Grace stepped out of the vehicle, holding a digital video camera in her hand, and the flashlight beam washed over her. The guard hesitated; she wore dark, non-reflective tactical gear instead of the utility camos he expected.
He reached for the radio mike clipped to his shoulder, but Vine was already out and standing on the pickup’s running board. He put a single round from his M4 through the guard’s chest and sent him sprawling into the dust, the long sound suppressor on the carbine flattening the noise of the shot.
Satisfied she had captured the act on video, Grace moved to the pickup’s flatbed and unpacked the two camera drones. Each one came to life in a buzzing whirr of black rotors and they shot vertically into the air, finding a vantage point overhead.
Grace clipped her camera to her tactical vest, drew her silenced Glock and crossed to where the injured guard lay writhing in pain. She finished him with a close-range shot through the forehead, before lifting the gate. Cord rolled the pickup forward and she climbed back inside. The drones hummed by, capturing everything they did.
‘Who’s flying those?’ muttered Vine, as he closed the rear cab door, sliding back into his seat.
Grace didn’t answer him, staring back down the approach road into the darkness.
‘You’re sure they’ll come?’ said Cord.
‘They’re already on the way,’ she told him. ‘I made sure of that.’

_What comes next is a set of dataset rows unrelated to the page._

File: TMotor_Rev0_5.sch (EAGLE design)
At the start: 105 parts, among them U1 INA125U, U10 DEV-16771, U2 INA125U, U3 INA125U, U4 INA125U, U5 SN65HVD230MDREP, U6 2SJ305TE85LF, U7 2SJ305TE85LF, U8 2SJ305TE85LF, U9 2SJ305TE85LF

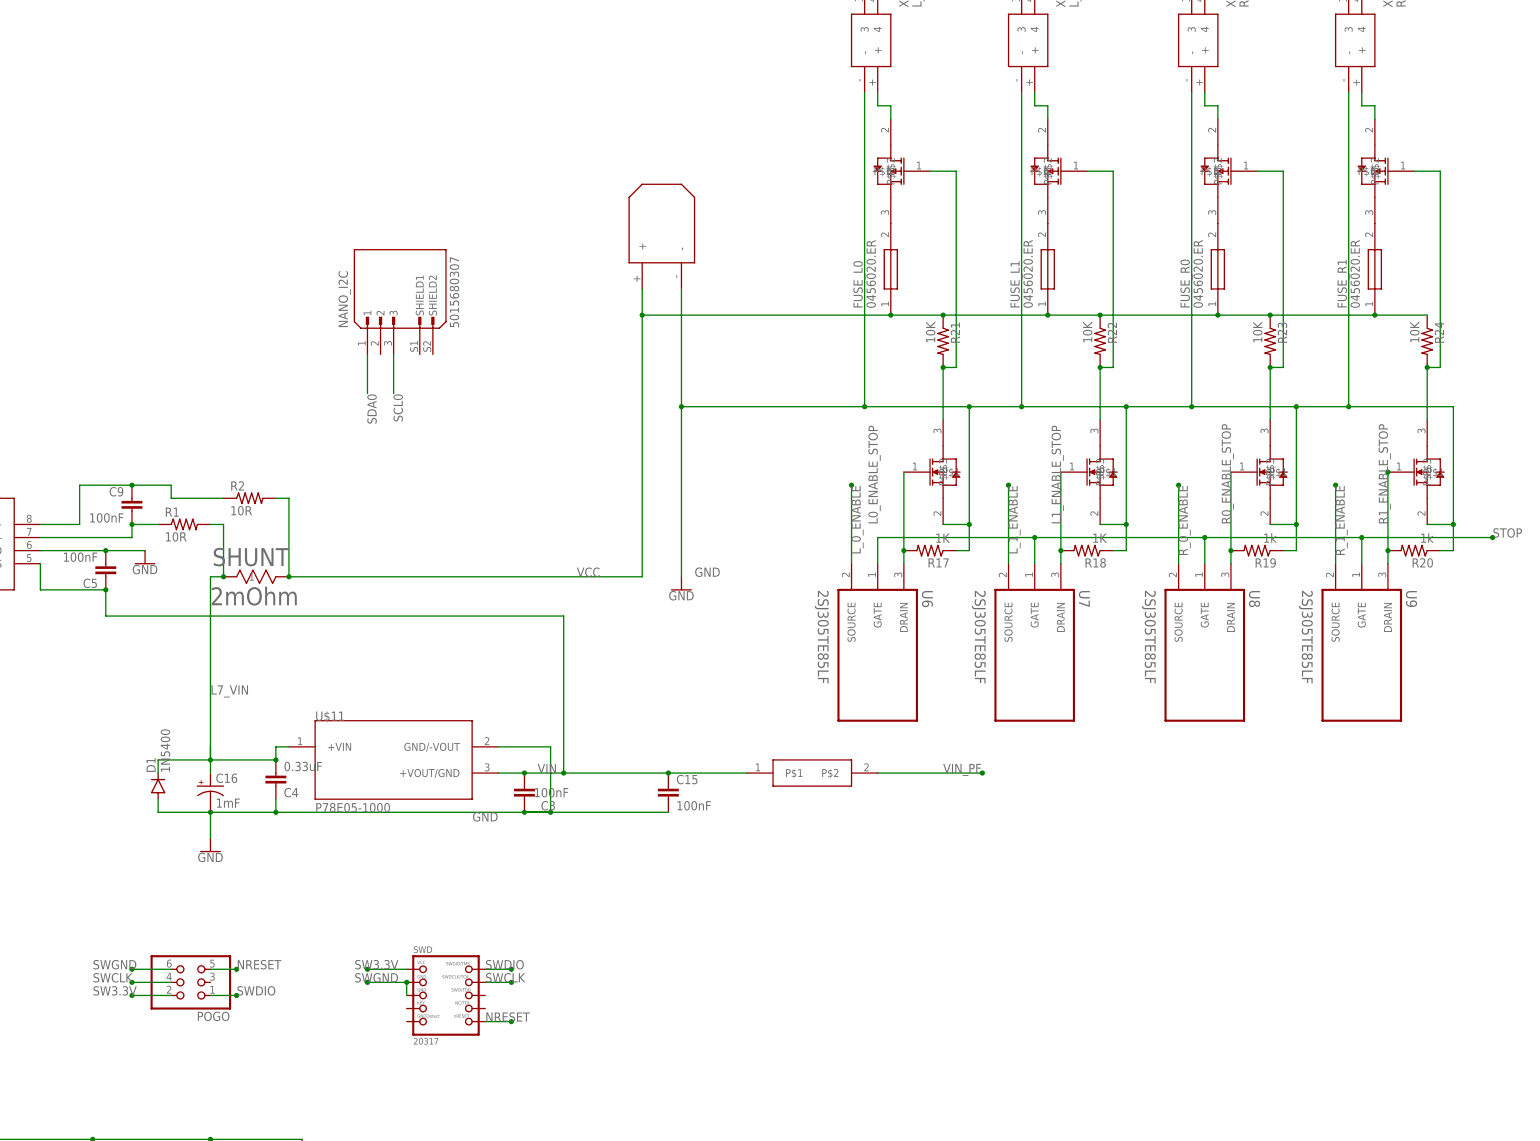
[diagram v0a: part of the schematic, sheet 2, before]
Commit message: Removed Power FETS, power FET supporting hardware, and SWD IO for nano
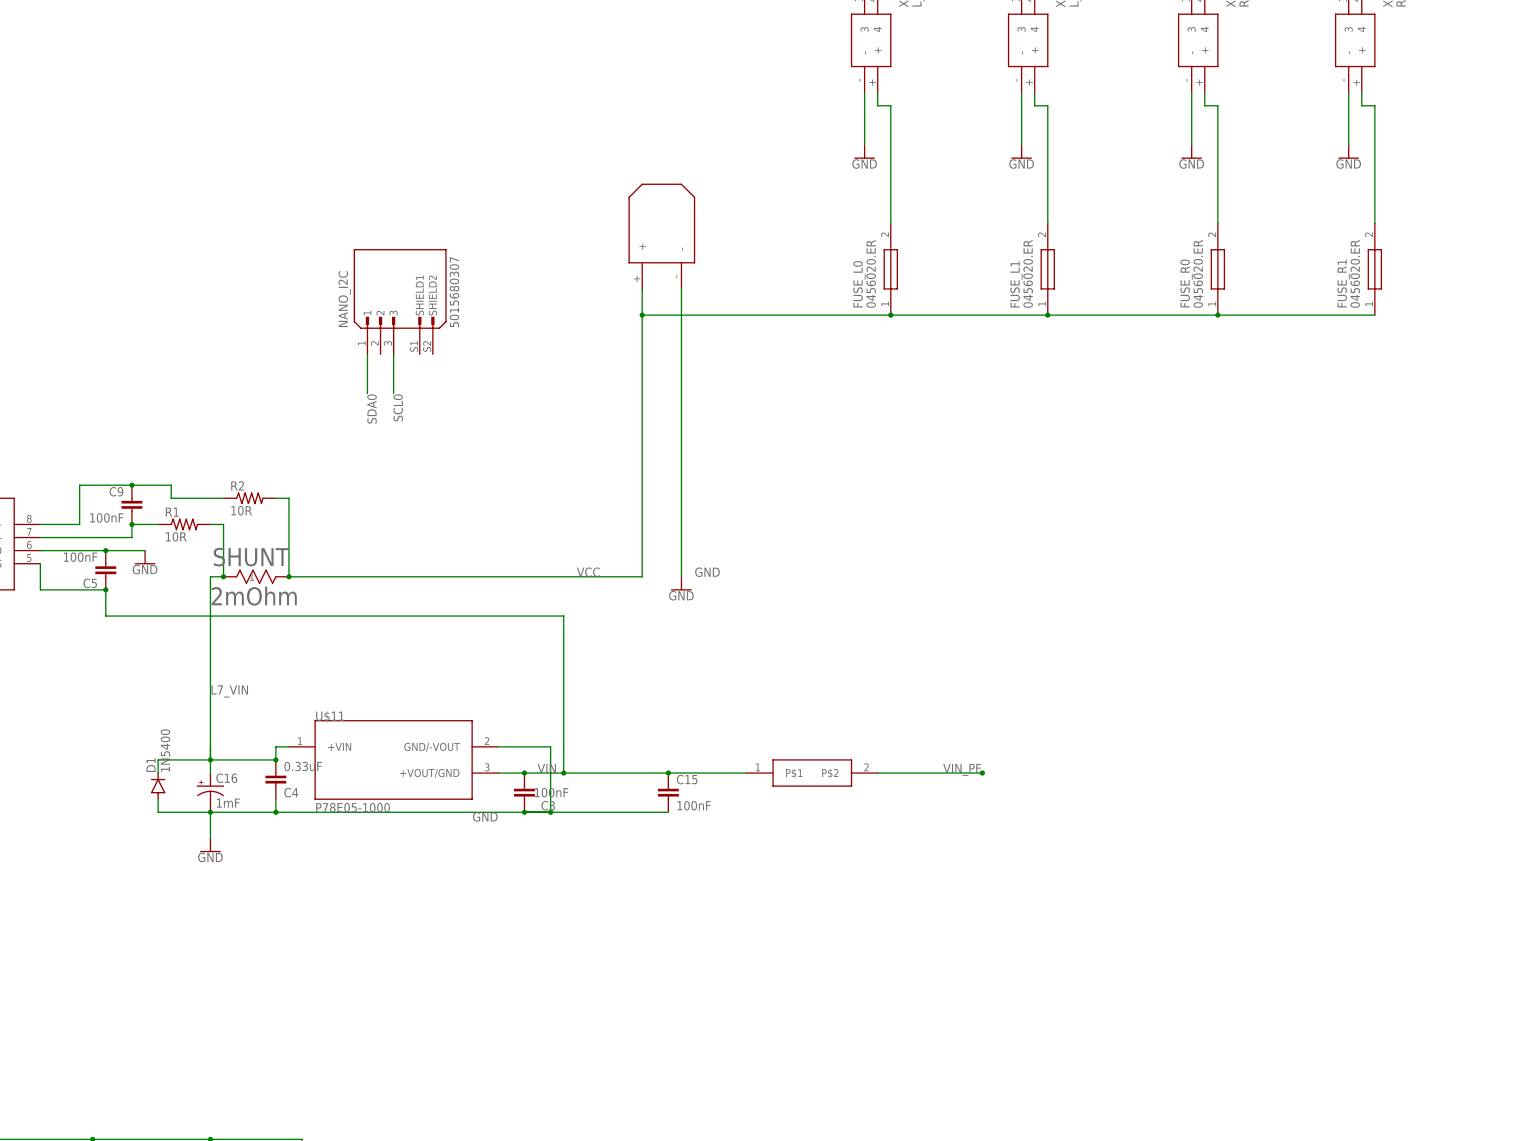
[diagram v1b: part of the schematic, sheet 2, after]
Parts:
- removed POGO: (no value), pinhead:PINHD-2X3
- removed R17, R18: 1K, rcl:R-US_0207/10
- removed R19, R20: 1k, rcl:R-US_0207/10
- removed R21, R22, R23, R24: 10K, rcl:R-US_0207/10
- removed SWD: 20317, microbuilder:JTAG-CORTEXBOXPOSTS
- removed U$1, U$2, U$3, U$4: SSM3K329R, SnapEDA-Library:SSM3K329R
- removed U$10, U$5, U$7, U$8: FQP12P20, SnapEDA-Library:FQP12P20
- removed U6, U7, U8, U9: 2SJ305TE85LF, 2SJ305TE85LF:2SJ305TE85LF
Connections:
- removed net L0_ENABLE_STOP: R17.2, U$1.P$1, U6.DRAIN
- removed net L1_ENABLE_STOP: R18.2, U$2.P$1, U7.DRAIN
- removed net L_0_ENABLE: U10.RX7, U6.SOURCE
- removed net L_1_ENABLE: U10.TX7, U7.SOURCE
- removed net MISO: U10.MOSI, USB.D12
- removed net MOSI: U10.MISO, USB.D11
- removed net N$43: R21.2, U$1.P$3, U$5.P$1
- removed net N$46: FUSE_R1.2, U$10.P$3
- removed net N$47: R23.2, U$3.P$3, U$8.P$1
- removed net N$48: R22.2, U$2.P$3, U$7.P$1
- removed net N$49: R24.2, U$10.P$1, U$4.P$3
- removed net N$50: FUSE_R0.2, U$8.P$3
- removed net N$51: FUSE_L1.2, U$7.P$3
- removed net N$52: FUSE_L0.2, U$5.P$3
- removed net NANO_CS: U10.CS1, USB.D10
- removed net NRESET: POGO.5, SWD.NRESET
- removed net R0_ENABLE_STOP: R19.2, U$3.P$1, U8.DRAIN
- removed net R1_ENABLE_STOP: R20.2, U$4.P$1, U9.DRAIN
- removed net R_0_ENABLE: U10.TX2, U8.SOURCE
- removed net R_1_ENABLE: U10.RX2, U9.SOURCE
- removed net SW3.3V: POGO.2, SWD.VCC
- removed net SWCLK: POGO.4, SWD.SWDCLK
- removed net SWDIO: POGO.1, SWD.SWDIO
- removed net SWGND: POGO.6, SWD.GND@1, SWD.GND@2
- net GND: no longer R17.1, R18.1, R19.1, R20.1, U$1.P$2, U$2.P$2, U$3.P$2, U$4.P$2
- net N$53: now also FUSE_L0.2; no longer U$5.P$2
- net N$54: now also FUSE_L1.2; no longer U$7.P$2
- net N$55: now also FUSE_R0.2; no longer U$8.P$2
- net N$56: now also FUSE_R1.2; no longer U$10.P$2
- net SCK: no longer USB.D13
- net STOP: no longer U10.OUT1C, U6.GATE, U7.GATE, U8.GATE, U9.GATE
- net VCC: no longer R21.1, R22.1, R23.1, R24.1
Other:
- note removed: "MISO and MOSI intentionally flipped"

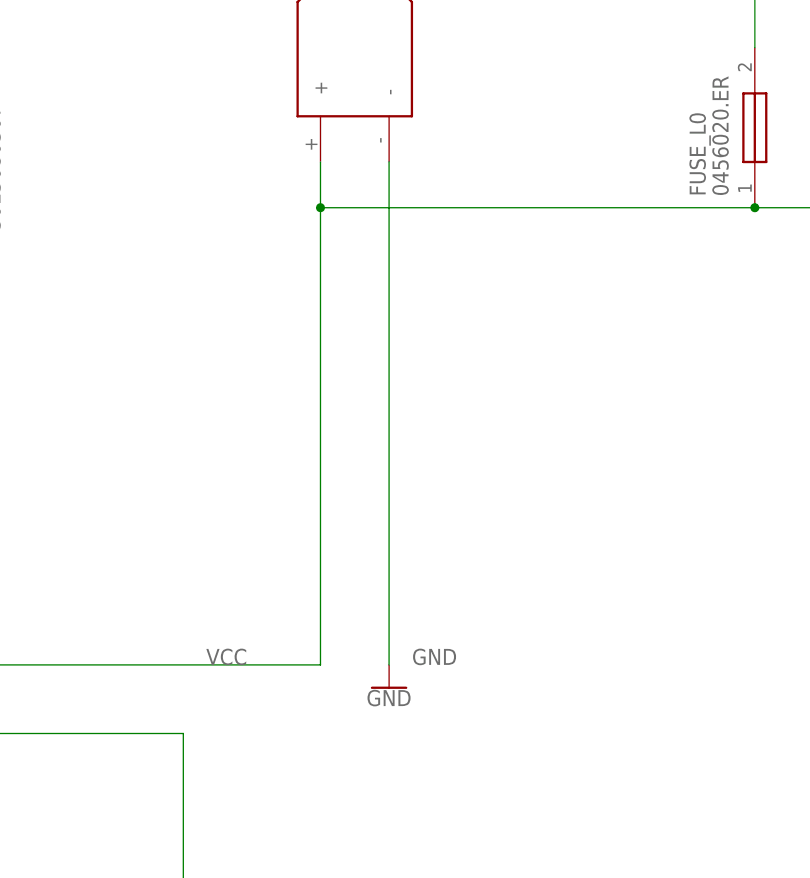
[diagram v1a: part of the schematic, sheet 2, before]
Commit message: Added serial connection between nano and teensy
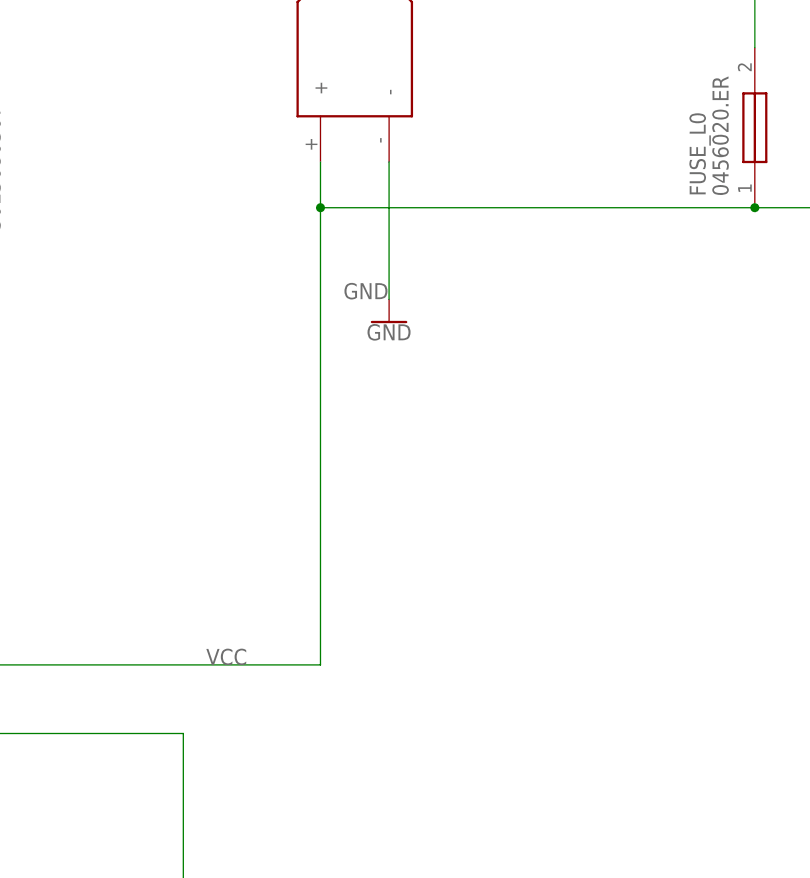
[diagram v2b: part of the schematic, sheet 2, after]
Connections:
- new net NANO_RX: U10.TX8, USB.RX0
- new net NANO_TX: U10.RX8, USB.TX1
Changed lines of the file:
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@@
+</segment>
+</net>
+<net name="NANO_RX" class="0">
+<segment>
+<pinref part="USB" gate="G$1" pin="RX0"/>
+<wire x1="91.44" y1="7.62" x2="99.06" y2="7.62" width="0.1524" layer="91"/>
+<label x="93.98" y="7.62" size="1.778" layer="95"/>
+</segment>
+<segment>
+<pinref part="U10" gate="G$1" pin="TX8"/>
+<wire x1="147.32" y1="50.8" x2="137.16" y2="50.8" width="0.1524" layer="91"/>
+<label x="134.62" y="48.26" size="1.778" layer="95"/>
+</segment>
+</net>
+<net name="NANO_TX" class="0">
+<segment>
+<pinref part="USB" gate="G$1" pin="TX1"/>
+<wire x1="91.44" y1="5.08" x2="99.06" y2="5.08" width="0.1524" layer="91"/>
+<label x="93.98" y="2.54" size="1.778" layer="95"/>
+</segment>
+<segment>
+<pinref part="U10" gate="G$1" pin="RX8"/>
+<wire x1="147.32" y1="53.34" x2="137.16" y2="53.34" width="0.1524" layer="91"/>
+<label x="134.62" y="53.34" size="1.778" layer="95"/>
 </segment>
 </net>
@@
 <attribute name="VALUE" x="-156.21" y="215.138" size="1.778" layer="96"/>
 </instance>
-<instance part="GND5" gate="1" x="-68.58" y="200.66" smashed="yes" rot="MR0">
-<attribute name="VALUE" x="-68.58" y="200.406" size="1.778" layer="96" rot="MR0" align="top-center"/>
+<instance part="GND5" gate="1" x="-68.58" y="241.3" smashed="yes" rot="MR0">
+<attribute name="VALUE" x="-68.58" y="241.046" size="1.778" layer="96" rot="MR0" align="top-center"/>
 </instance>
 <instance part="U$9" gate="G$1" x="-71.12" y="264.16" smashed="yes" rot="R90"/>
@@
 <pinref part="U$9" gate="G$1" pin="-"/>
 <pinref part="GND5" gate="1" pin="GND"/>
-<wire x1="-68.58" y1="203.2" x2="-68.58" y2="259.08" width="0.1524" layer="91"/>
-<label x="-66.04" y="203.2" size="1.778" layer="95"/>
-</segment>
-<segment>
+<wire x1="-68.58" y1="243.84" x2="-68.58" y2="259.08" width="0.1524" layer="91"/>
+<label x="-73.66" y="243.84" size="1.778" layer="95"/>
+</segment>
+<segment>

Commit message: Added Upright Power connectors
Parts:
- removed FUSE_R0, FUSE_R1: 0456020.ER, SamacSys_Parts:0456020.ER
- removed L_0, L_1, R_0, R_1: XT30PW-F, XT30PW-M:XT30PW-F
- removed U$9: XT30, Ben_Library:XT30
- added FUSE_L2, FUSE_L3: 0456020.ER, SamacSys_Parts:0456020.ER
- added XT30UPB-F, XT30UPB-F1, XT30UPB-F2, XT30UPB-F3, XT30UPB-F4: L_0, XT30UPB-F:XT30UPB-F
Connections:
- removed net N$54: FUSE_L1.2, L_1.+
- removed net N$55: FUSE_R0.2, R_0.+
- removed net N$56: FUSE_R1.2, R_1.+
- new net N$43: FUSE_L1.2
- new net N$46: FUSE_L2.2
- new net N$47: FUSE_L3.2
- new net VCC1: FUSE_L1.1
- new net VCC2: FUSE_L2.1
- new net VCC3: FUSE_L3.1
- net GND: no longer L_0.-, L_1.-, R_0.-, R_1.-, U$9.-
- net N$53: no longer L_0.+
- net VCC: no longer FUSE_L1.1, FUSE_R0.1, FUSE_R1.1, U$9.+
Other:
- moved on the sheet: FUSE_L0, FUSE_L1

She didn’t bother to explain about the message she had received twenty minutes earlier, from a contact observing RAF Akrotiri, describing an unmarked van hurtling out of the base at a high rate of speed.
Cord gave a nod and aimed the pickup towards the dark shape of the old terminal building. Headlights from another vehicle glittered in the distance.
*
The road rumbled beneath the wheels as Suresh pushed the vehicle as fast as he dared, guiding the high-sided transport through the sparse traffic on the northbound highway.
Marc shot a look into the cab, watching the lights along the road flash past.
‘How far?’ he asked.
‘Fifteen minutes away,’ said the driver. ‘I can’t push it any more than this.’
‘Right.’
Marc turned away, moving back into the rear compartment. The interior of the Fiat Ducato was half-minibus, half-troop carrier, with mil-spec gear racked on the walls and low benches for the OpTeam members to sit on. The members of Paladin were in their operational gear as Farrier moved among them, checking equipment and getting them ready.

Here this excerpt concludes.